Linux has its place, and it's really the only cross-platform OS going today. IBM uses it on their big boxes, it runs on "Wintel" hardware, and you can run it on the Mac, among other options. Best of all, it's cheap (you can download it for free) and runs on older hardware, making it a very affordable way to build a stable server.
Where Linux falls down is ease of use; it definitely takes a back seat to Windows and the Mac OS (both OS X and classic). Thus, it has never made serious inroads on the desktop. The only really successful Linux distribution for desktop use is Lindows, which bills itself more as a low-cost alternative to Windows than anything else.
Despite your assertion, Apple hardware has become less costly over time. The first Macintosh cost $2,500 and Apple has produced a few $10,000 computers. Today's Power Mac G4/1.42 GHz dual is just $200 more than the original iMac and offers about 2000 to 3000 times the power.

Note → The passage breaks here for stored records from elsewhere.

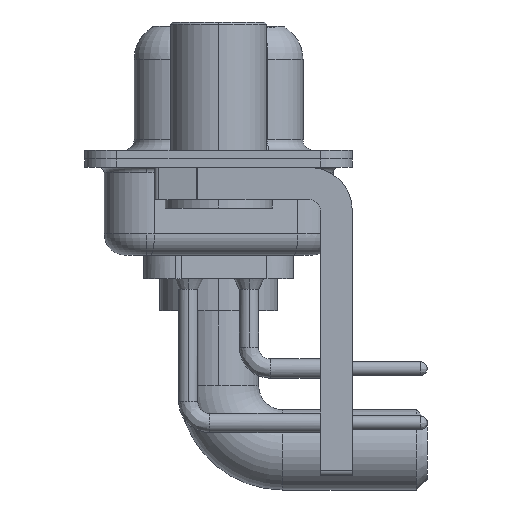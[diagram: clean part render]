
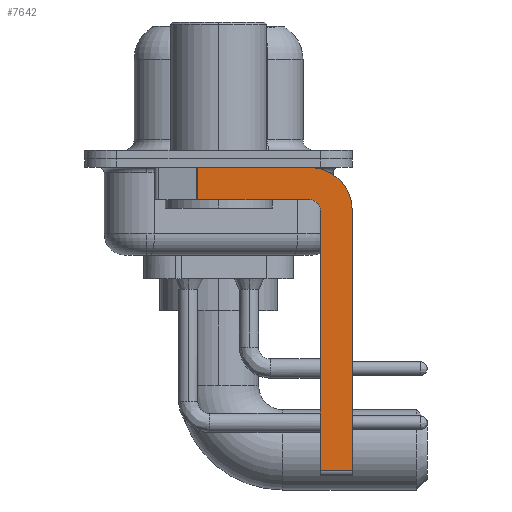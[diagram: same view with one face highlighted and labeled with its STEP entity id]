
A CAD part, left-side view. The second image highlights one B-rep face of the part: STEP entity #7642.
In plain terms, the highlighted planar face has unit normal (-1, 0, 0).
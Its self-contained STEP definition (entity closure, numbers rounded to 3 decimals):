
#886 = VECTOR ( 'NONE', #16314, 1000. ) ;
#1100 = VECTOR ( 'NONE', #8716, 1000. ) ;
#1180 = VERTEX_POINT ( 'NONE', #20372 ) ;
#1286 = DIRECTION ( 'NONE',  ( 1., 0., 0. ) ) ;
#1551 = DIRECTION ( 'NONE',  ( -1., 0., 0. ) ) ;
#1605 = CARTESIAN_POINT ( 'NONE',  ( -2.9, -4.25, -2.4 ) ) ;
#1893 = EDGE_CURVE ( 'NONE', #7830, #16902, #8493, .T. ) ;
#1969 = ORIENTED_EDGE ( 'NONE', *, *, #10139, .F. ) ;
#1983 = CARTESIAN_POINT ( 'NONE',  ( -2.9, -4.25, -1.9 ) ) ;
#2117 = ORIENTED_EDGE ( 'NONE', *, *, #15567, .F. ) ;
#2224 = VECTOR ( 'NONE', #9989, 1000. ) ;
#3842 = EDGE_LOOP ( 'NONE', ( #5114, #12198, #1969, #4152, #12096, #10554, #18980, #2117 ) ) ;
#4152 = ORIENTED_EDGE ( 'NONE', *, *, #16658, .F. ) ;
#4607 = CARTESIAN_POINT ( 'NONE',  ( -2.9, -4.25, -1.9 ) ) ;
#5114 = ORIENTED_EDGE ( 'NONE', *, *, #13420, .F. ) ;
#5166 = LINE ( 'NONE', #18120, #18942 ) ;
#5838 = CARTESIAN_POINT ( 'NONE',  ( -2.9, 0.978, -1.9 ) ) ;
#6244 = CARTESIAN_POINT ( 'NONE',  ( -2.9, -4.75, -14.55 ) ) ;
#6306 = VERTEX_POINT ( 'NONE', #11050 ) ;
#6500 = EDGE_CURVE ( 'NONE', #7830, #17182, #19620, .T. ) ;
#6741 = CIRCLE ( 'NONE', #18360, 0.5 ) ;
#7109 = PLANE ( 'NONE',  #15927 ) ;
#7210 = FACE_OUTER_BOUND ( 'NONE', #3842, .T. ) ;
#7642 = ADVANCED_FACE ( 'NONE', ( #7210 ), #7109, .F. ) ;
#7830 = VERTEX_POINT ( 'NONE', #6244 ) ;
#8100 = DIRECTION ( 'NONE',  ( 0., 0., 1. ) ) ;
#8493 = LINE ( 'NONE', #14705, #886 ) ;
#8716 = DIRECTION ( 'NONE',  ( 0., 0., -1. ) ) ;
#9650 = CARTESIAN_POINT ( 'NONE',  ( -2.9, -4.25, -14.55 ) ) ;
#9767 = CIRCLE ( 'NONE', #10812, 2. ) ;
#9989 = DIRECTION ( 'NONE',  ( 0., 0., -1. ) ) ;
#10139 = EDGE_CURVE ( 'NONE', #19059, #18205, #19290, .T. ) ;
#10192 = DIRECTION ( 'NONE',  ( 0., -1., 0. ) ) ;
#10554 = ORIENTED_EDGE ( 'NONE', *, *, #6500, .T. ) ;
#10630 = DIRECTION ( 'NONE',  ( 1., 0., 0. ) ) ;
#10812 = AXIS2_PLACEMENT_3D ( 'NONE', #1605, #1286, #17779 ) ;
#11050 = CARTESIAN_POINT ( 'NONE',  ( -2.9, -6.25, -2.4 ) ) ;
#11135 = DIRECTION ( 'NONE',  ( 0., 1., 0. ) ) ;
#11613 = VERTEX_POINT ( 'NONE', #13647 ) ;
#11682 = EDGE_CURVE ( 'NONE', #1180, #18205, #13962, .T. ) ;
#11895 = CARTESIAN_POINT ( 'NONE',  ( -2.9, -6.25, -14.55 ) ) ;
#12096 = ORIENTED_EDGE ( 'NONE', *, *, #1893, .F. ) ;
#12198 = ORIENTED_EDGE ( 'NONE', *, *, #11682, .T. ) ;
#12855 = DIRECTION ( 'NONE',  ( 0., -1., 0. ) ) ;
#13198 = LINE ( 'NONE', #19745, #2224 ) ;
#13420 = EDGE_CURVE ( 'NONE', #1180, #11613, #5166, .T. ) ;
#13647 = CARTESIAN_POINT ( 'NONE',  ( -2.9, -4.25, -0.4 ) ) ;
#13734 = DIRECTION ( 'NONE',  ( 0., 0., -1. ) ) ;
#13962 = LINE ( 'NONE', #5838, #1100 ) ;
#14705 = CARTESIAN_POINT ( 'NONE',  ( -2.9, -4.75, -14.8 ) ) ;
#15567 = EDGE_CURVE ( 'NONE', #11613, #6306, #9767, .T. ) ;
#15927 = AXIS2_PLACEMENT_3D ( 'NONE', #18783, #10630, #13734 ) ;
#16086 = CARTESIAN_POINT ( 'NONE',  ( -2.9, 0.978, -1.9 ) ) ;
#16215 = CARTESIAN_POINT ( 'NONE',  ( -2.9, -4.25, -2.4 ) ) ;
#16314 = DIRECTION ( 'NONE',  ( 0., 0., 1. ) ) ;
#16658 = EDGE_CURVE ( 'NONE', #16902, #19059, #6741, .T. ) ;
#16902 = VERTEX_POINT ( 'NONE', #19108 ) ;
#17045 = EDGE_CURVE ( 'NONE', #6306, #17182, #13198, .T. ) ;
#17182 = VERTEX_POINT ( 'NONE', #11895 ) ;
#17779 = DIRECTION ( 'NONE',  ( 0., 0., -1. ) ) ;
#18120 = CARTESIAN_POINT ( 'NONE',  ( -2.9, 3., -0.4 ) ) ;
#18205 = VERTEX_POINT ( 'NONE', #16086 ) ;
#18360 = AXIS2_PLACEMENT_3D ( 'NONE', #16215, #1551, #8100 ) ;
#18539 = VECTOR ( 'NONE', #11135, 1000. ) ;
#18620 = VECTOR ( 'NONE', #12855, 1000. ) ;
#18783 = CARTESIAN_POINT ( 'NONE',  ( -2.9, -4.25, -2.4 ) ) ;
#18942 = VECTOR ( 'NONE', #10192, 1000. ) ;
#18980 = ORIENTED_EDGE ( 'NONE', *, *, #17045, .F. ) ;
#19059 = VERTEX_POINT ( 'NONE', #1983 ) ;
#19108 = CARTESIAN_POINT ( 'NONE',  ( -2.9, -4.75, -2.4 ) ) ;
#19290 = LINE ( 'NONE', #4607, #18539 ) ;
#19620 = LINE ( 'NONE', #9650, #18620 ) ;
#19745 = CARTESIAN_POINT ( 'NONE',  ( -2.9, -6.25, -2.4 ) ) ;
#20372 = CARTESIAN_POINT ( 'NONE',  ( -2.9, 0.978, -0.4 ) ) ;
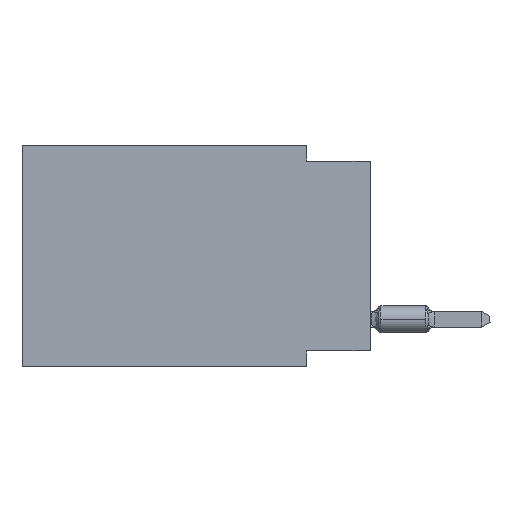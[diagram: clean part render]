
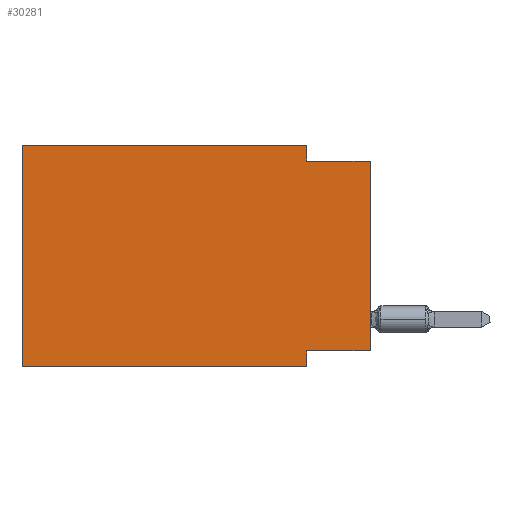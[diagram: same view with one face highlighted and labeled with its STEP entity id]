
A CAD part, left-side view. The second image highlights one B-rep face of the part: STEP entity #30281.
In plain terms, the highlighted planar face has unit normal (-1, 0, 0).
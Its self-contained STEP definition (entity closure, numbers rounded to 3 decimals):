
#384 = ORIENTED_EDGE ( 'NONE', *, *, #16119, .T. ) ;
#789 = AXIS2_PLACEMENT_3D ( 'NONE', #26626, #25804, #35681 ) ;
#1642 = CARTESIAN_POINT ( 'NONE',  ( 0., 2.54, -8.255 ) ) ;
#1913 = VERTEX_POINT ( 'NONE', #36353 ) ;
#2442 = VERTEX_POINT ( 'NONE', #8759 ) ;
#3923 = CARTESIAN_POINT ( 'NONE',  ( 0., 0., -8.255 ) ) ;
#5009 = LINE ( 'NONE', #5203, #29065 ) ;
#5203 = CARTESIAN_POINT ( 'NONE',  ( 0., 2.54, 0. ) ) ;
#5243 = CARTESIAN_POINT ( 'NONE',  ( 0., 13.97, 0. ) ) ;
#7060 = VERTEX_POINT ( 'NONE', #28672 ) ;
#8000 = ORIENTED_EDGE ( 'NONE', *, *, #14249, .F. ) ;
#8331 = PLANE ( 'NONE',  #789 ) ;
#8759 = CARTESIAN_POINT ( 'NONE',  ( 0., 2.54, -8.89 ) ) ;
#8833 = LINE ( 'NONE', #12435, #9752 ) ;
#9084 = VECTOR ( 'NONE', #18072, 1000. ) ;
#9472 = VERTEX_POINT ( 'NONE', #14374 ) ;
#9707 = VECTOR ( 'NONE', #23924, 1000. ) ;
#9752 = VECTOR ( 'NONE', #12229, 1000. ) ;
#9901 = LINE ( 'NONE', #31787, #26409 ) ;
#9971 = LINE ( 'NONE', #23902, #20616 ) ;
#10638 = VECTOR ( 'NONE', #22391, 1000. ) ;
#12229 = DIRECTION ( 'NONE',  ( 0., -1., 0. ) ) ;
#12435 = CARTESIAN_POINT ( 'NONE',  ( 0., 0., -0.635 ) ) ;
#13215 = DIRECTION ( 'NONE',  ( 0., 1., 0. ) ) ;
#13278 = VERTEX_POINT ( 'NONE', #28801 ) ;
#13953 = ORIENTED_EDGE ( 'NONE', *, *, #33852, .F. ) ;
#14033 = DIRECTION ( 'NONE',  ( 0., 0., -1. ) ) ;
#14117 = EDGE_CURVE ( 'NONE', #9472, #22205, #39189, .T. ) ;
#14249 = EDGE_CURVE ( 'NONE', #13278, #9472, #25236, .T. ) ;
#14366 = FACE_OUTER_BOUND ( 'NONE', #25387, .T. ) ;
#14374 = CARTESIAN_POINT ( 'NONE',  ( 0., 13.97, 0. ) ) ;
#16119 = EDGE_CURVE ( 'NONE', #24301, #1913, #9971, .T. ) ;
#16207 = LINE ( 'NONE', #28470, #36172 ) ;
#18072 = DIRECTION ( 'NONE',  ( 0., 0., 1. ) ) ;
#19578 = LINE ( 'NONE', #28427, #10638 ) ;
#19664 = ORIENTED_EDGE ( 'NONE', *, *, #38056, .F. ) ;
#20338 = CARTESIAN_POINT ( 'NONE',  ( 0., 2.54, 0. ) ) ;
#20616 = VECTOR ( 'NONE', #33530, 1000. ) ;
#21503 = EDGE_CURVE ( 'NONE', #7060, #1913, #8833, .T. ) ;
#22205 = VERTEX_POINT ( 'NONE', #20338 ) ;
#22391 = DIRECTION ( 'NONE',  ( 0., -1., 0. ) ) ;
#23902 = CARTESIAN_POINT ( 'NONE',  ( 0., 0., 0. ) ) ;
#23924 = DIRECTION ( 'NONE',  ( 0., -1., 0. ) ) ;
#24301 = VERTEX_POINT ( 'NONE', #3923 ) ;
#25236 = LINE ( 'NONE', #37506, #9084 ) ;
#25387 = EDGE_LOOP ( 'NONE', ( #384, #39283, #35374, #31133, #8000, #38194, #19664, #13953 ) ) ;
#25804 = DIRECTION ( 'NONE',  ( 1., 0., 0. ) ) ;
#26409 = VECTOR ( 'NONE', #34206, 1000. ) ;
#26626 = CARTESIAN_POINT ( 'NONE',  ( 0., 13.97, 0. ) ) ;
#27319 = EDGE_CURVE ( 'NONE', #13278, #2442, #19578, .T. ) ;
#28427 = CARTESIAN_POINT ( 'NONE',  ( 0., 13.97, -8.89 ) ) ;
#28470 = CARTESIAN_POINT ( 'NONE',  ( 0., 0., -8.255 ) ) ;
#28672 = CARTESIAN_POINT ( 'NONE',  ( 0., 2.54, -0.635 ) ) ;
#28801 = CARTESIAN_POINT ( 'NONE',  ( 0., 13.97, -8.89 ) ) ;
#29065 = VECTOR ( 'NONE', #14033, 1000. ) ;
#30281 = ADVANCED_FACE ( 'NONE', ( #14366 ), #8331, .F. ) ;
#31133 = ORIENTED_EDGE ( 'NONE', *, *, #14117, .F. ) ;
#31787 = CARTESIAN_POINT ( 'NONE',  ( 0., 2.54, -8.89 ) ) ;
#33488 = EDGE_CURVE ( 'NONE', #22205, #7060, #5009, .T. ) ;
#33530 = DIRECTION ( 'NONE',  ( 0., 0., 1. ) ) ;
#33852 = EDGE_CURVE ( 'NONE', #24301, #36965, #16207, .T. ) ;
#34206 = DIRECTION ( 'NONE',  ( 0., 0., -1. ) ) ;
#35374 = ORIENTED_EDGE ( 'NONE', *, *, #33488, .F. ) ;
#35681 = DIRECTION ( 'NONE',  ( 0., 0., -1. ) ) ;
#36172 = VECTOR ( 'NONE', #13215, 1000. ) ;
#36353 = CARTESIAN_POINT ( 'NONE',  ( 0., 0., -0.635 ) ) ;
#36965 = VERTEX_POINT ( 'NONE', #1642 ) ;
#37506 = CARTESIAN_POINT ( 'NONE',  ( 0., 13.97, 0. ) ) ;
#38056 = EDGE_CURVE ( 'NONE', #36965, #2442, #9901, .T. ) ;
#38194 = ORIENTED_EDGE ( 'NONE', *, *, #27319, .T. ) ;
#39189 = LINE ( 'NONE', #5243, #9707 ) ;
#39283 = ORIENTED_EDGE ( 'NONE', *, *, #21503, .F. ) ;
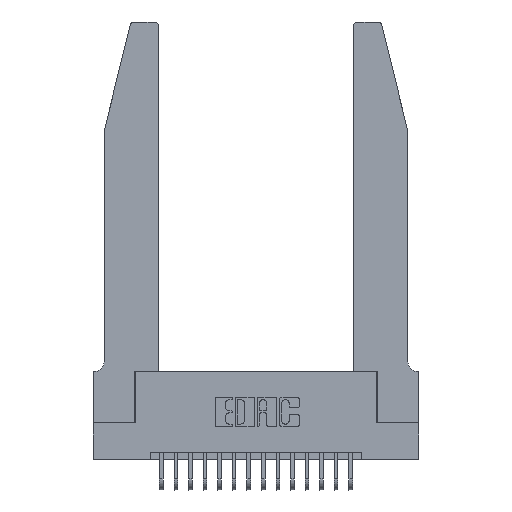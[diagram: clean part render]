
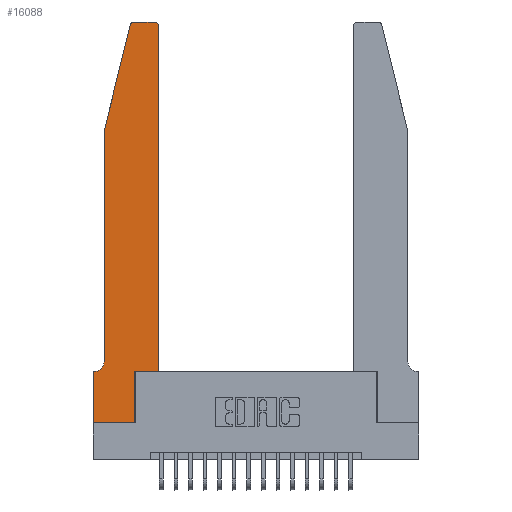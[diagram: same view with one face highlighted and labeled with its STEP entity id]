
A CAD part, top view. The second image highlights one B-rep face of the part: STEP entity #16088.
In plain terms, the highlighted planar face has unit normal (0, 0, 1).
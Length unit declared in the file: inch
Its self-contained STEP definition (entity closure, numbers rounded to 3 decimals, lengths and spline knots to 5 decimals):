
#128 = CARTESIAN_POINT ( 'NONE',  ( 0.2865, 0., 0.37 ) ) ;
#203 = CARTESIAN_POINT ( 'NONE',  ( 0.0755, 2., 0.37 ) ) ;
#342 = DIRECTION ( 'NONE',  ( 1., 0., 0. ) ) ;
#460 = EDGE_CURVE ( 'NONE', #15835, #7168, #649, .T. ) ;
#575 = CARTESIAN_POINT ( 'NONE',  ( 0.2865, 0.35, 0.37 ) ) ;
#649 = CIRCLE ( 'NONE', #12658, 0.03 ) ;
#746 = CARTESIAN_POINT ( 'NONE',  ( 0.0755, 2., 0.37 ) ) ;
#953 = CARTESIAN_POINT ( 'NONE',  ( 0.4505, 0.35, 0.37 ) ) ;
#973 = ORIENTED_EDGE ( 'NONE', *, *, #8461, .T. ) ;
#1058 = CARTESIAN_POINT ( 'NONE',  ( 0.284, 2.72, 0.37 ) ) ;
#1134 = VECTOR ( 'NONE', #10596, 39.37008 ) ;
#2154 = DIRECTION ( 'NONE',  ( 0., -1., 0. ) ) ;
#2210 = LINE ( 'NONE', #2777, #6254 ) ;
#2435 = DIRECTION ( 'NONE',  ( 0., 0., -1. ) ) ;
#2546 = EDGE_CURVE ( 'NONE', #6793, #15835, #10648, .T. ) ;
#2603 = EDGE_LOOP ( 'NONE', ( #5581, #14089, #973, #16225, #19570, #12426, #8811, #20881, #16416, #13079, #17984, #13809 ) ) ;
#2753 = EDGE_CURVE ( 'NONE', #6867, #7566, #8634, .T. ) ;
#2777 = CARTESIAN_POINT ( 'NONE',  ( 0.2865, 0.35, 0.37 ) ) ;
#2823 = DIRECTION ( 'NONE',  ( 1., 0., 0. ) ) ;
#2924 = LINE ( 'NONE', #953, #11295 ) ;
#2933 = EDGE_CURVE ( 'NONE', #12574, #12464, #19794, .T. ) ;
#2973 = CARTESIAN_POINT ( 'NONE',  ( 0.25487, 2.72718, 0.37 ) ) ;
#3206 = LINE ( 'NONE', #8850, #19891 ) ;
#3435 = LINE ( 'NONE', #7508, #20605 ) ;
#3672 = CARTESIAN_POINT ( 'NONE',  ( 0.4205, 2.75, 0.37 ) ) ;
#3800 = VECTOR ( 'NONE', #15179, 39.37008 ) ;
#4522 = DIRECTION ( 'NONE',  ( 1., 0., 0. ) ) ;
#4571 = DIRECTION ( 'NONE',  ( 0., 0., 1. ) ) ;
#4735 = CARTESIAN_POINT ( 'NONE',  ( 0.4205, 2.72, 0.37 ) ) ;
#5581 = ORIENTED_EDGE ( 'NONE', *, *, #13889, .T. ) ;
#6254 = VECTOR ( 'NONE', #18952, 39.37008 ) ;
#6692 = CARTESIAN_POINT ( 'NONE',  ( 0.284, 2.75, 0.37 ) ) ;
#6793 = VERTEX_POINT ( 'NONE', #13957 ) ;
#6867 = VERTEX_POINT ( 'NONE', #18802 ) ;
#6893 = PLANE ( 'NONE',  #10689 ) ;
#7168 = VERTEX_POINT ( 'NONE', #3672 ) ;
#7273 = CARTESIAN_POINT ( 'NONE',  ( 0.2605, 2.75, 0.37 ) ) ;
#7508 = CARTESIAN_POINT ( 'NONE',  ( 0.0755, 2., 0.37 ) ) ;
#7566 = VERTEX_POINT ( 'NONE', #20727 ) ;
#8222 = VERTEX_POINT ( 'NONE', #14542 ) ;
#8276 = LINE ( 'NONE', #203, #3800 ) ;
#8371 = EDGE_CURVE ( 'NONE', #7566, #14703, #13741, .T. ) ;
#8461 = EDGE_CURVE ( 'NONE', #12464, #17306, #3435, .T. ) ;
#8560 = AXIS2_PLACEMENT_3D ( 'NONE', #12416, #2435, #14000 ) ;
#8566 = DIRECTION ( 'NONE',  ( 1., 0., 0. ) ) ;
#8634 = LINE ( 'NONE', #12281, #17599 ) ;
#8748 = AXIS2_PLACEMENT_3D ( 'NONE', #1058, #12765, #2823 ) ;
#8811 = ORIENTED_EDGE ( 'NONE', *, *, #8371, .T. ) ;
#8850 = CARTESIAN_POINT ( 'NONE',  ( 0., 0., 0.37 ) ) ;
#8881 = CARTESIAN_POINT ( 'NONE',  ( 0., 0., 0.37 ) ) ;
#9479 = VECTOR ( 'NONE', #2154, 39.37008 ) ;
#9507 = DIRECTION ( 'NONE',  ( 1., 0., 0. ) ) ;
#9559 = LINE ( 'NONE', #7273, #13817 ) ;
#10264 = EDGE_CURVE ( 'NONE', #8222, #6867, #11498, .T. ) ;
#10596 = DIRECTION ( 'NONE',  ( 0., 1., 0. ) ) ;
#10648 = LINE ( 'NONE', #19622, #1134 ) ;
#10689 = AXIS2_PLACEMENT_3D ( 'NONE', #13361, #18086, #8566 ) ;
#10894 = FACE_OUTER_BOUND ( 'NONE', #2603, .T. ) ;
#11295 = VECTOR ( 'NONE', #9507, 39.37008 ) ;
#11498 = CIRCLE ( 'NONE', #8560, 0.07 ) ;
#12281 = CARTESIAN_POINT ( 'NONE',  ( 0.0755, 0.35, 0.37 ) ) ;
#12416 = CARTESIAN_POINT ( 'NONE',  ( 0.0055, 0.42, 0.37 ) ) ;
#12426 = ORIENTED_EDGE ( 'NONE', *, *, #2753, .T. ) ;
#12464 = VERTEX_POINT ( 'NONE', #2973 ) ;
#12574 = VERTEX_POINT ( 'NONE', #6692 ) ;
#12658 = AXIS2_PLACEMENT_3D ( 'NONE', #4735, #4571, #4522 ) ;
#12765 = DIRECTION ( 'NONE',  ( 0., 0., 1. ) ) ;
#13079 = ORIENTED_EDGE ( 'NONE', *, *, #19977, .T. ) ;
#13361 = CARTESIAN_POINT ( 'NONE',  ( 0., 0.35, 0.37 ) ) ;
#13741 = LINE ( 'NONE', #8881, #9479 ) ;
#13809 = ORIENTED_EDGE ( 'NONE', *, *, #460, .T. ) ;
#13817 = VECTOR ( 'NONE', #20018, 39.37008 ) ;
#13865 = DIRECTION ( 'NONE',  ( -1., 0., 0. ) ) ;
#13889 = EDGE_CURVE ( 'NONE', #7168, #12574, #9559, .T. ) ;
#13957 = CARTESIAN_POINT ( 'NONE',  ( 0.4505, 0.35, 0.37 ) ) ;
#14000 = DIRECTION ( 'NONE',  ( -1., 0., 0. ) ) ;
#14089 = ORIENTED_EDGE ( 'NONE', *, *, #2933, .T. ) ;
#14401 = CARTESIAN_POINT ( 'NONE',  ( 0., 0., 0.37 ) ) ;
#14542 = CARTESIAN_POINT ( 'NONE',  ( 0.0755, 0.42, 0.37 ) ) ;
#14703 = VERTEX_POINT ( 'NONE', #14401 ) ;
#15179 = DIRECTION ( 'NONE',  ( 0., -1., 0. ) ) ;
#15573 = VERTEX_POINT ( 'NONE', #128 ) ;
#15620 = VERTEX_POINT ( 'NONE', #575 ) ;
#15835 = VERTEX_POINT ( 'NONE', #20643 ) ;
#16088 = ADVANCED_FACE ( 'NONE', ( #10894 ), #6893, .T. ) ;
#16225 = ORIENTED_EDGE ( 'NONE', *, *, #17565, .T. ) ;
#16416 = ORIENTED_EDGE ( 'NONE', *, *, #16729, .T. ) ;
#16729 = EDGE_CURVE ( 'NONE', #15573, #15620, #2210, .T. ) ;
#17306 = VERTEX_POINT ( 'NONE', #746 ) ;
#17565 = EDGE_CURVE ( 'NONE', #17306, #8222, #8276, .T. ) ;
#17599 = VECTOR ( 'NONE', #13865, 39.37008 ) ;
#17984 = ORIENTED_EDGE ( 'NONE', *, *, #2546, .T. ) ;
#18086 = DIRECTION ( 'NONE',  ( 0., 0., 1. ) ) ;
#18640 = DIRECTION ( 'NONE',  ( -0.239, -0.971, 0. ) ) ;
#18802 = CARTESIAN_POINT ( 'NONE',  ( 0.0055, 0.35, 0.37 ) ) ;
#18952 = DIRECTION ( 'NONE',  ( 0., 1., 0. ) ) ;
#19570 = ORIENTED_EDGE ( 'NONE', *, *, #10264, .T. ) ;
#19622 = CARTESIAN_POINT ( 'NONE',  ( 0.4505, 0.35, 0.37 ) ) ;
#19754 = EDGE_CURVE ( 'NONE', #14703, #15573, #3206, .T. ) ;
#19794 = CIRCLE ( 'NONE', #8748, 0.03 ) ;
#19891 = VECTOR ( 'NONE', #342, 39.37008 ) ;
#19977 = EDGE_CURVE ( 'NONE', #15620, #6793, #2924, .T. ) ;
#20018 = DIRECTION ( 'NONE',  ( -1., 0., 0. ) ) ;
#20605 = VECTOR ( 'NONE', #18640, 39.37008 ) ;
#20643 = CARTESIAN_POINT ( 'NONE',  ( 0.4505, 2.72, 0.37 ) ) ;
#20727 = CARTESIAN_POINT ( 'NONE',  ( 0., 0.35, 0.37 ) ) ;
#20881 = ORIENTED_EDGE ( 'NONE', *, *, #19754, .T. ) ;

Apple has consistently reduced prices. The CRT iMac debuted at $1,299 and had dropped to $799 when it was discontinued. The iBook started at $1,599 and sells for $999 today. And the list goes on.
No, Macs aren't as inexpensive as Windows PCs. The cost/function ratio is more tilted toward the Windows side all the time primarily because Apple refuses to release a low-end, consumer friendly, eminently affordable desktop Mac - let alone anything that competes costwise with the vast majority of Windows systems out there.
The result: Apple keeps selling about 3 million computers per year in a growing PC market and becomes increasingly marginalized as an overpriced, underappreciated desktop platform.
Matthew Wakeman suggests:
First off, great site - I check it often, and it is a valuable resource (I support my family's 3 G3 iMacs, iBook/500, G4 Tower, 2400c, and Duo 280, in addition to my Ti) so being able to check specs and read the online tech journal columns are great.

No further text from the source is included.